# WHAT IS EXPECTED:
Lines below starting with the line with "AssemblyTestPointUsage [All] p1: isadvanced=TRUE" and going on through the line with "AssemblyTestpoint [All] p1: isadvanced=TRUE" must be output exactly; the rest of the records must be left out.

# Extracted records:

==*==

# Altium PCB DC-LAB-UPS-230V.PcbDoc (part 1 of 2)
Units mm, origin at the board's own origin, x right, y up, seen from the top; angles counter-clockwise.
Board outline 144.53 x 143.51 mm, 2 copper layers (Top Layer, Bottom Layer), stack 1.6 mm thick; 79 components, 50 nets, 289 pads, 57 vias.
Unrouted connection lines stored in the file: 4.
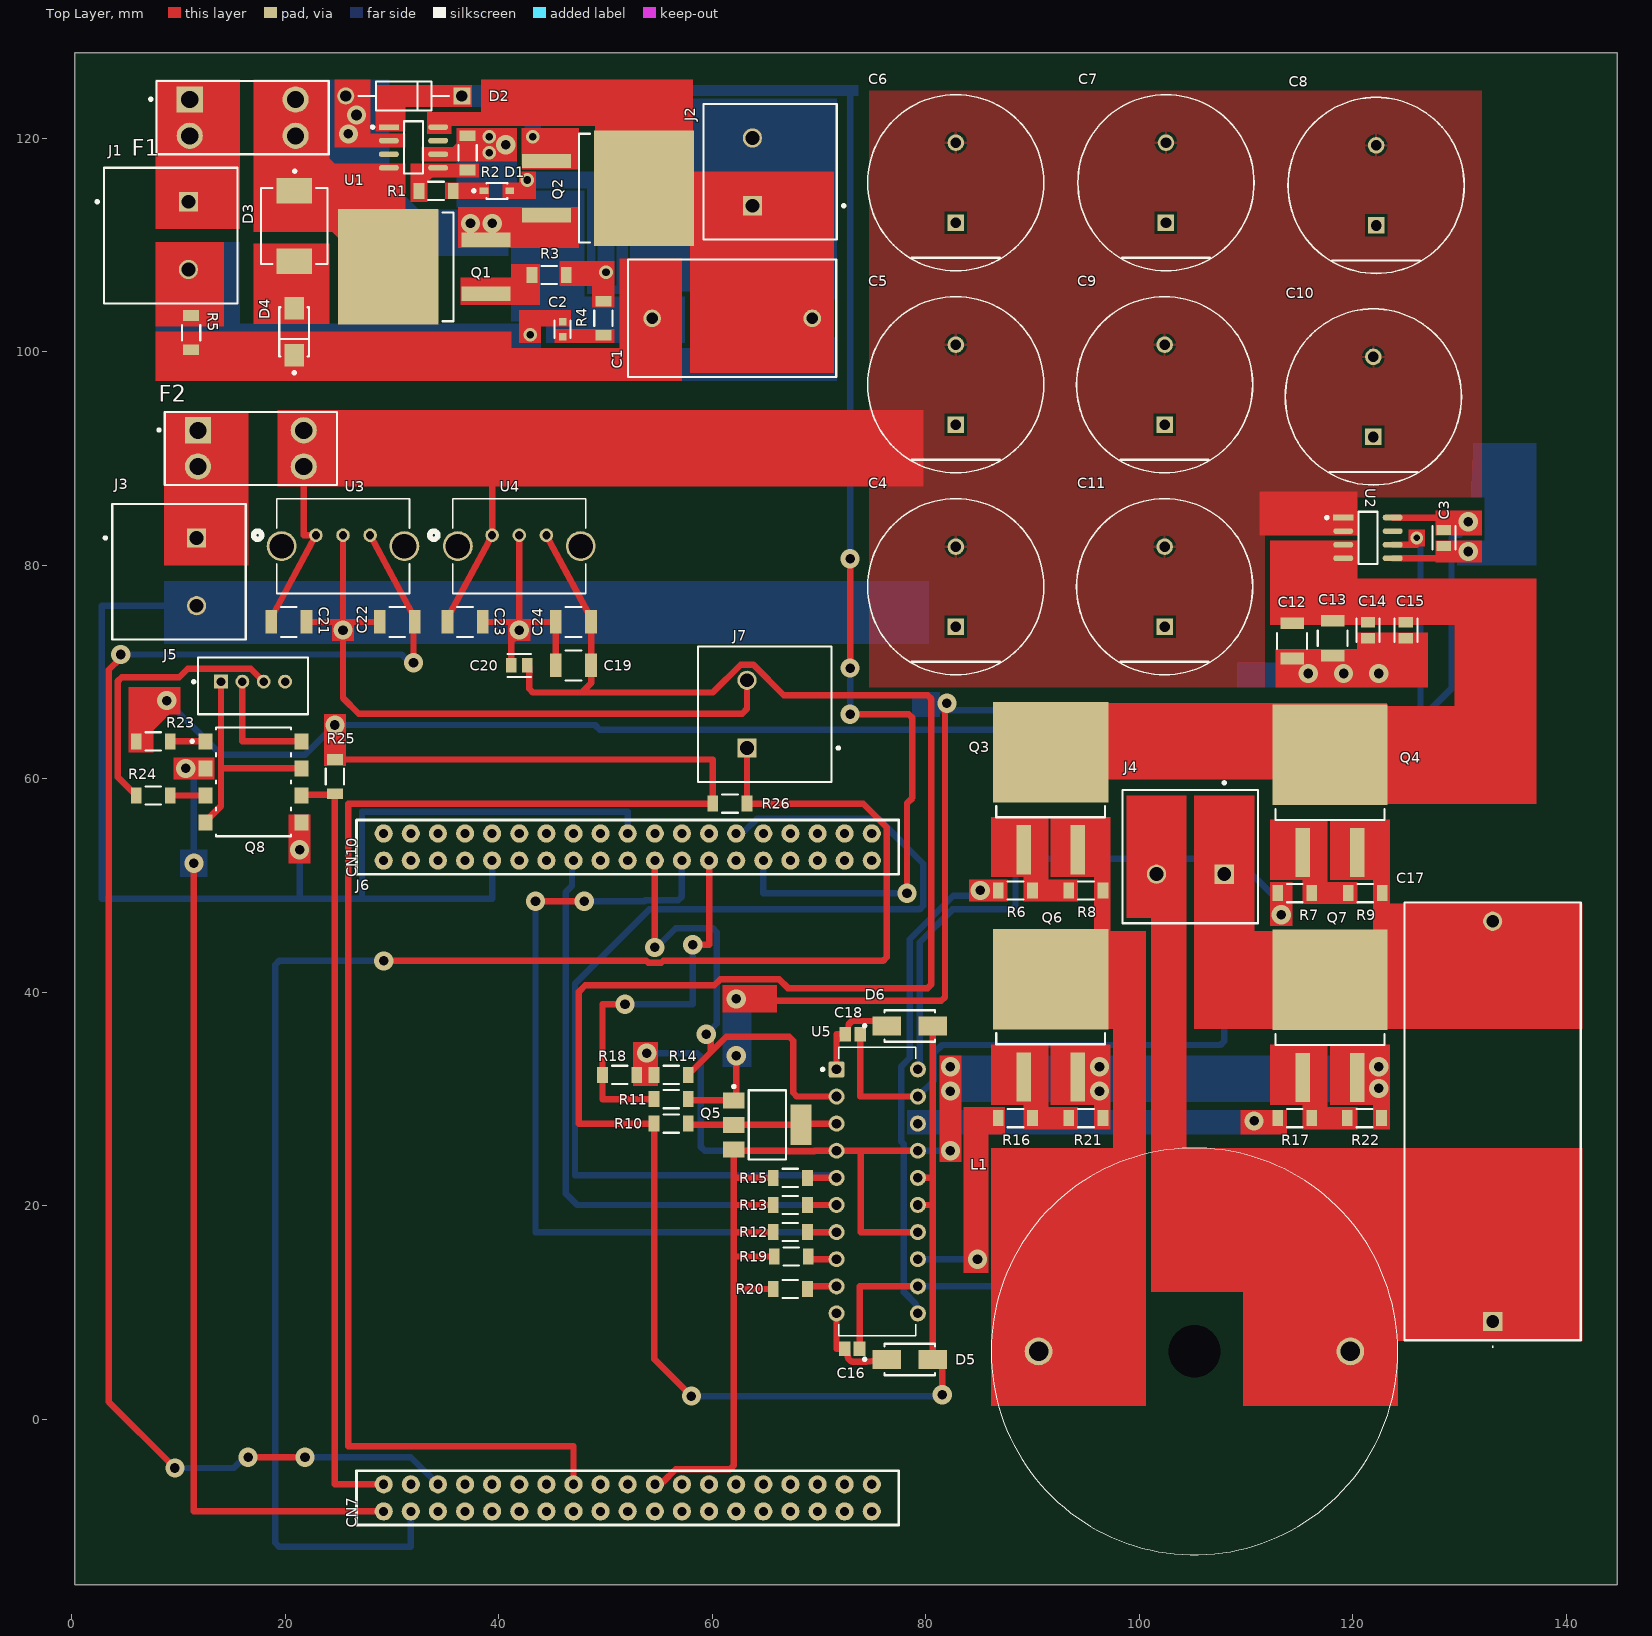
[diagram p0: Top Layer view]
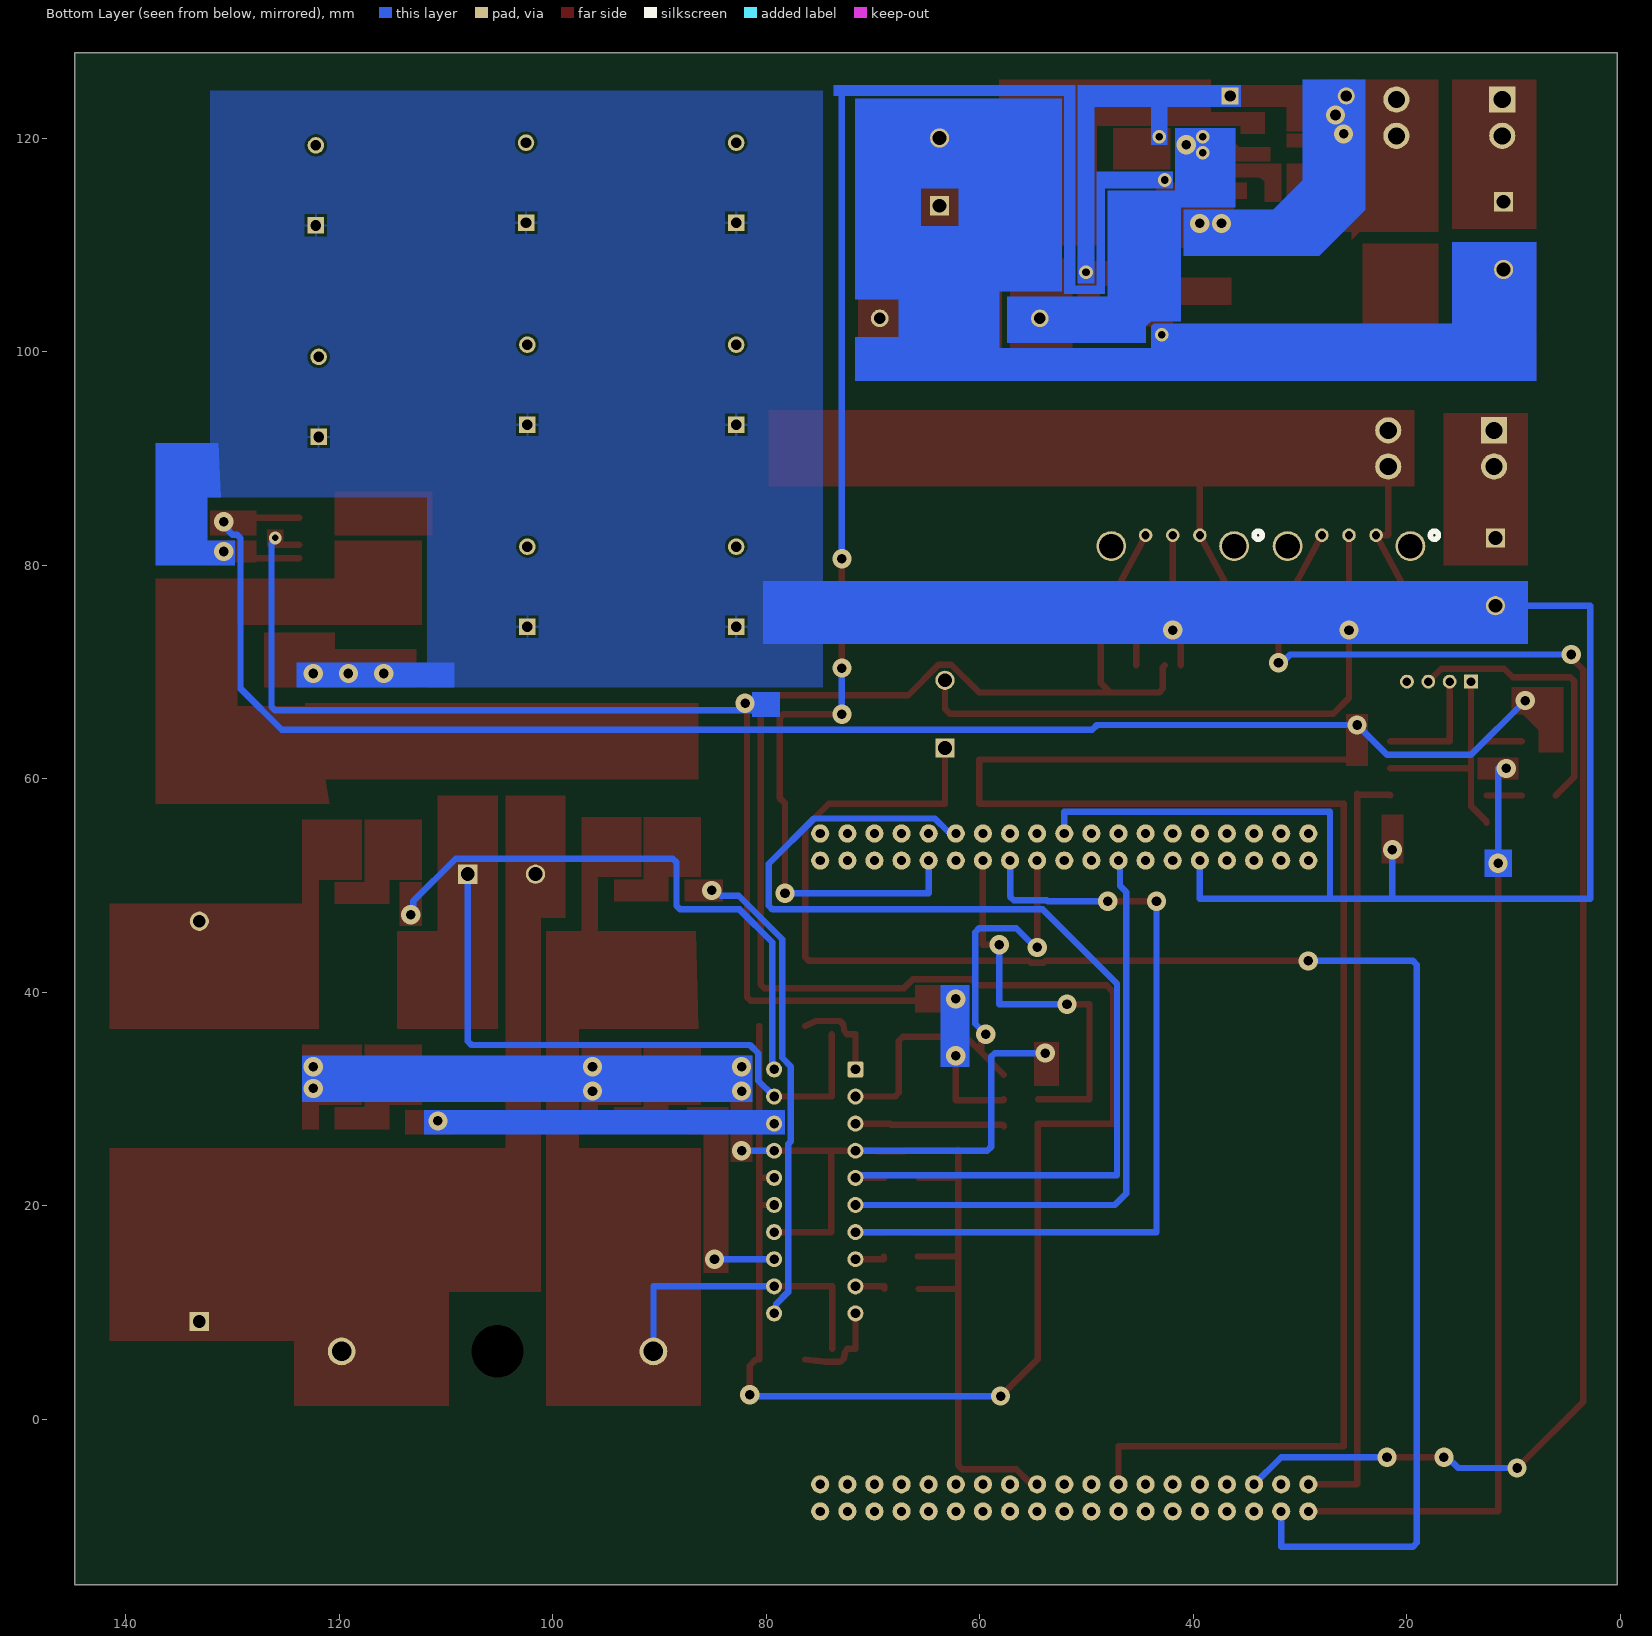
[diagram p1: Bottom Layer view, seen from below]

## Layer stack, top to bottom
Top Solder: solder mask 0.0102, Solder Resist, Dk 3.5
Top Layer: signal copper 0.07
Dielectric 1: dielectric 1.4605, FR-4, Dk 4.6
Bottom Layer: signal copper 0.07
Bottom Solder: solder mask 0.0102, Solder Resist, Dk 3.5

## Board outline
0.254,-15.494 144.78,-15.494 144.78,128.016 0.254,128.016

## Design rules (kind name [scope] priority, off if disabled: settings)
AssemblyTestPointUsage [All] p1: isadvanced=TRUE
AssemblyTestpoint [All] p1: isadvanced=TRUE testpointundercomponent=TRUE minsize=1.016 maxsize=2.54 preferedsize=1.524 minholesize=0 maxholesize=1.016 preferedholesize=0.813 testpointgrid=0.025 usegrid=TRUE gridtolerance=0 allowsidetop=TRUE allowsidebottom=TRUE
Clearance Clearance_1 [OnMid vs OnMid] p1: gap=0.254 ignorepadtopadclearanceinfootprint=FALSE sourcerule=42 cellrowname=All cellrowtype=0 cellcolname=All cellcoltype=0 innerlayers=TRUE
Clearance Clearance_2 [(ExistsOnLayer('Top Layer') Or ExistsOnLayer('Bottom Layer')) vs (ExistsOnLayer('Top Layer') Or ExistsOnLayer('Bottom Layer'))] p2: gap=0.254 ignorepadtopadclearanceinfootprint=FALSE sourcerule=42 cellrowname=All cellrowtype=0 cellcolname=All cellcoltype=0 outerlayers=TRUE
Clearance [All] p3: gap=0.254 ignorepadtopadclearanceinfootprint=FALSE ismatrix=TRUE
ComponentClearance [All] p1: isadvanced=TRUE gap=0.254 collisioncheckmode=3 verticalgap=0.254 showdistances=FALSE
FabricationTestPointUsage [All] p1: isadvanced=TRUE valid=0 allowmultiple=FALSE
FabricationTestpoint [All] p1: isadvanced=TRUE side=3 testpointundercomponent=TRUE minsize=1.016 maxsize=2.54 preferedsize=1.524 minholesize=0 maxholesize=1.016 preferedholesize=0.813 testpointgrid=0.025 allowsidetop=TRUE allowsidebottom=TRUE usegrid=TRUE gridtolerance=0
FanoutControl Fanout_BGA [IsBGA] p1: isadvanced=TRUE bgadir=Out bgaviamode=Centered fanoutstyle=Auto fanoutdirection=Alternating viagrid=0.025 // Fanout_BGA (Default Rule)
FanoutControl Fanout_LCC [IsLCC] p2: isadvanced=TRUE bgadir=Out bgaviamode=Centered fanoutstyle=Auto fanoutdirection=Alternating viagrid=0.025 // Fanout_LCC (Default Rule)
FanoutControl Fanout_SOIC [IsSOIC] p3: isadvanced=TRUE bgadir=Out bgaviamode=Centered fanoutstyle=Auto fanoutdirection=Alternating viagrid=0.025 // Fanout_SOIC (Default Rule)
FanoutControl Fanout_Small [(CompPinCount < 5)] p4: isadvanced=TRUE bgadir=Out bgaviamode=Centered fanoutstyle=Auto fanoutdirection=OutThenIn viagrid=0.025 // Fanout_Small (Default Rule)
FanoutControl Fanout_Default [All] p5: isadvanced=TRUE bgadir=Out bgaviamode=Centered fanoutstyle=Auto fanoutdirection=Alternating viagrid=0.025 // Fanout_Default (Default Rule)
Height [All] p1: isadvanced=TRUE minheight=0 maxheight=40.4 prefheight=12.7
HoleSize [All] p1: isadvanced=TRUE absolutevalues=TRUE maxlimit=2.54 minlimit=0.025 maxpercent=80.000 minpercent=20.000
HoleToHoleClearance [All] p1: isadvanced=TRUE gap=0.254 allowstackedmicrovias=TRUE
LayerPairs [All] p1: isadvanced=TRUE enforce=TRUE
MinimumSolderMaskSliver [All] p1: isadvanced=TRUE minsoldermaskwidth=0.254
NetAntennae [All] p1: isadvanced=TRUE netantennaetolerance=0
PasteMaskExpansion [All] p1: isadvanced=TRUE expansion=0
PlaneClearance [All] p1: isadvanced=TRUE clearance=0.508
PlaneConnect [All] p1: isadvanced=TRUE planeconnectstyle=Relief reliefexpansion=0.508 reliefentries=4 reliefconductorwidth=0.254 reliefairgap=0.254
PolygonConnect [All] p1: connectstyle=Relief reliefconductorwidth=0.254 reliefentries=4 polygonreliefangle="90 Angle" airgapwidth=0.254
RoutingCorners [All] p1: isadvanced=TRUE cornerstyle=45-Degree minsetback=2.54 maxsetback=2.54
RoutingPriority [All] p1: isadvanced=TRUE routingpriority=0
RoutingVias RoutingViaStyle_1 [All] p1: isadvanced=TRUE holewidth=0.254 width=0.254 viastyle="Through Hole" minholewidth=0.254 minwidth=0.254 maxholewidth=1.2 maxwidth=1.8
RoutingVias [All] p2: holewidth=0.711 width=1.27 viastyle="Through Hole" minholewidth=0.711 minwidth=1.27 maxholewidth=0.711 maxwidth=1.27
ShortCircuit [All] p1: isadvanced=TRUE allowed=FALSE
SilkToSilkClearance [All] p1: isadvanced=TRUE silktosilkclearance=0.254
SilkToSolderMaskClearance [IsPad] p1: isadvanced=TRUE minsilkscreentomaskgap=0.254 clearancetoexposedcopper=TRUE
SolderMaskExpansion [All] p1: isadvanced=TRUE expansion=0 istentingtop=FALSE
SupplyNets "Schematic Supply Nets_2" [InNet('BAT_OUT-')] p1: isadvanced=TRUE voltage=0.000
SupplyNets "Schematic Supply Nets_5" [InNet('BAT_OUT+')] p2: isadvanced=TRUE voltage=0.000
SupplyNets "Schematic Supply Nets_4" [InNet('BAT_IN+')] p3: isadvanced=TRUE voltage=0.000
SupplyNets "Schematic Supply Nets_1" [InNet('VIN-')] p4: isadvanced=TRUE voltage=0.000
SupplyNets "Schematic Supply Nets" [InNet('VIN+')] p5: isadvanced=TRUE voltage=0.000
UnRoutedNet [All] p1: isadvanced=TRUE
UnpouredPolygon [All] p1: isadvanced=TRUE
Width [All] p1: maxlimit=8 minlimit=0.254 preferedwidth=0.6 minimp=50.000000 maximp=50.000000 favimp=50.000000
4 further rules are at their usual default settings.

## Classes and differential pairs
component class Control_Stage: J5 J6 J7 Q8 R23 R24 R25 R26
component class Output_Stage: C3 C4 C5 C6 C7 C8 C9 C10 C11 C12 C13 C14 C15 C16 C17 C18 C19 C20 C21 C22 C23 C24 D5 D6 F2 J3 J4 L1 Q3 Q4 Q5 Q6 Q7 R6 R7 R8 R9 R10 R11 R12 R13 R14 R15 R16 R17 R18 R19 R20 R21 R22 U2 U3 U4 U5
component class Input_Stage: C1 C2 D1 D2 D3 D4 F1 J1 J2 Q1 Q2 R1 R2 R3 R4 R5 U1

## Components (designator, comment, footprint, x,y, rotation, side; value= is the part's Value field where it differs from the comment)
C1 "2.2uF 5%" WCAP-FTBP_L18W10H16.5 61.856,103.124 r180 top
C2 "10nF 10%" FP-C1608-080-0_1-MFG 45.974,102.108 r90 top
C3 "100nF 10%" FP-C0805C-DN-MFG 128.524,82.55 r270 top value="0.10 μF"
C4 "680uF 20%" FP-RAD-TH-D_16_0_5-L_25_2-MFG 82.804,77.978 r90 top
C5 "680uF 20%" FP-RAD-TH-D_16_0_5-L_25_2-MFG 82.804,96.901 r90 top
C6 "680uF 20%" FP-RAD-TH-D_16_0_5-L_25_2-MFG 82.804,115.824 r90 top
C7 "680uF 20%" FP-RAD-TH-D_16_0_5-L_25_2-MFG 102.489,115.824 r90 top
C8 "680uF 20%" FP-RAD-TH-D_16_0_5-L_25_2-MFG 122.174,115.57 r90 top
C9 "680uF 20%" FP-RAD-TH-D_16_0_5-L_25_2-MFG 102.362,96.901 r90 top
C10 "680uF 20%" FP-RAD-TH-D_16_0_5-L_25_2-MFG 121.92,95.758 r90 top
C11 "680uF 20%" FP-RAD-TH-D_16_0_5-L_25_2-MFG 102.362,77.978 r90 top
C12 "4.7uF 10%" FP-CNA6P-MFG 114.3,72.898 r270 top value=4.7uF
C13 "4.7uF 10%" FP-CNA6P-MFG 118.11,73.152 r270 top value=4.7uF
C14 "100nF 10%" FP-C0805C-DN-MFG 121.412,73.902 r90 top value="0.10 μF"
C15 "100nF 10%" FP-C0805C-DN-MFG 124.968,73.902 r90 top value="0.10 μF"
C16 "1uF 25V" CAPC2013X140X50LL20T25 73.09,6.604 r0 top
C17 "PHE426HR8100JR06L2" PHE426HR8100JR06L2 133.096,9.144 r90 top
C18 "1uF 25V" CAPC2013X140X50LL20T25 73.152,36.068 r0 top
C19 "4.7uF 10%" FP-CNA6P-MFG 46.99,70.612 r180 top value=4.7uF
C20 "100nF 10%" FP-C0805C-DN-MFG 41.91,70.612 r0 top value="0.10 μF"
C21 "4.7uF 10%" FP-CNA6P-MFG 20.32,74.676 r180 top value=4.7uF
C22 "10uF 10%" FP-C3225-250-0_4-MFG 30.48,74.676 r0 top
C23 "4.7uF 10%" FP-CNA6P-MFG 36.83,74.676 r180 top value=4.7uF
C24 "10uF 10%" FP-C3225-250-0_4-MFG 46.99,74.676 r0 top
D1 "BAV21WS-E3-08" FP-S8-V-3910_02-001-MFG 39.808,115.062 r0 top
D2 "Zener 12V" FP-017AH-MFG 31.092,123.952 r180 top
D3 "TVS 33V" FP-SMCJ-MFG 20.828,111.76 r270 top
D4 "TVS 24V" FP-SMAJ-MFG 20.828,101.854 r90 top
D5 "ES1D" FP-403AE-MFG 78.486,5.588 r0 top value=7pF
D6 "ES1D" FP-403AE-MFG 78.486,36.83 r0 top value=7pF
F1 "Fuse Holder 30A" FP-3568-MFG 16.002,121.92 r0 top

==*==

# EXPECTED ANSWER:
AssemblyTestPointUsage [All] p1: isadvanced=TRUE
AssemblyTestpoint [All] p1: isadvanced=TRUE testpointundercomponent=TRUE minsize=1.016 maxsize=2.54 preferedsize=1.524 minholesize=0 maxholesize=1.016 preferedholesize=0.813 testpointgrid=0.025 usegrid=TRUE gridtolerance=0 allowsidetop=TRUE allowsidebottom=TRUE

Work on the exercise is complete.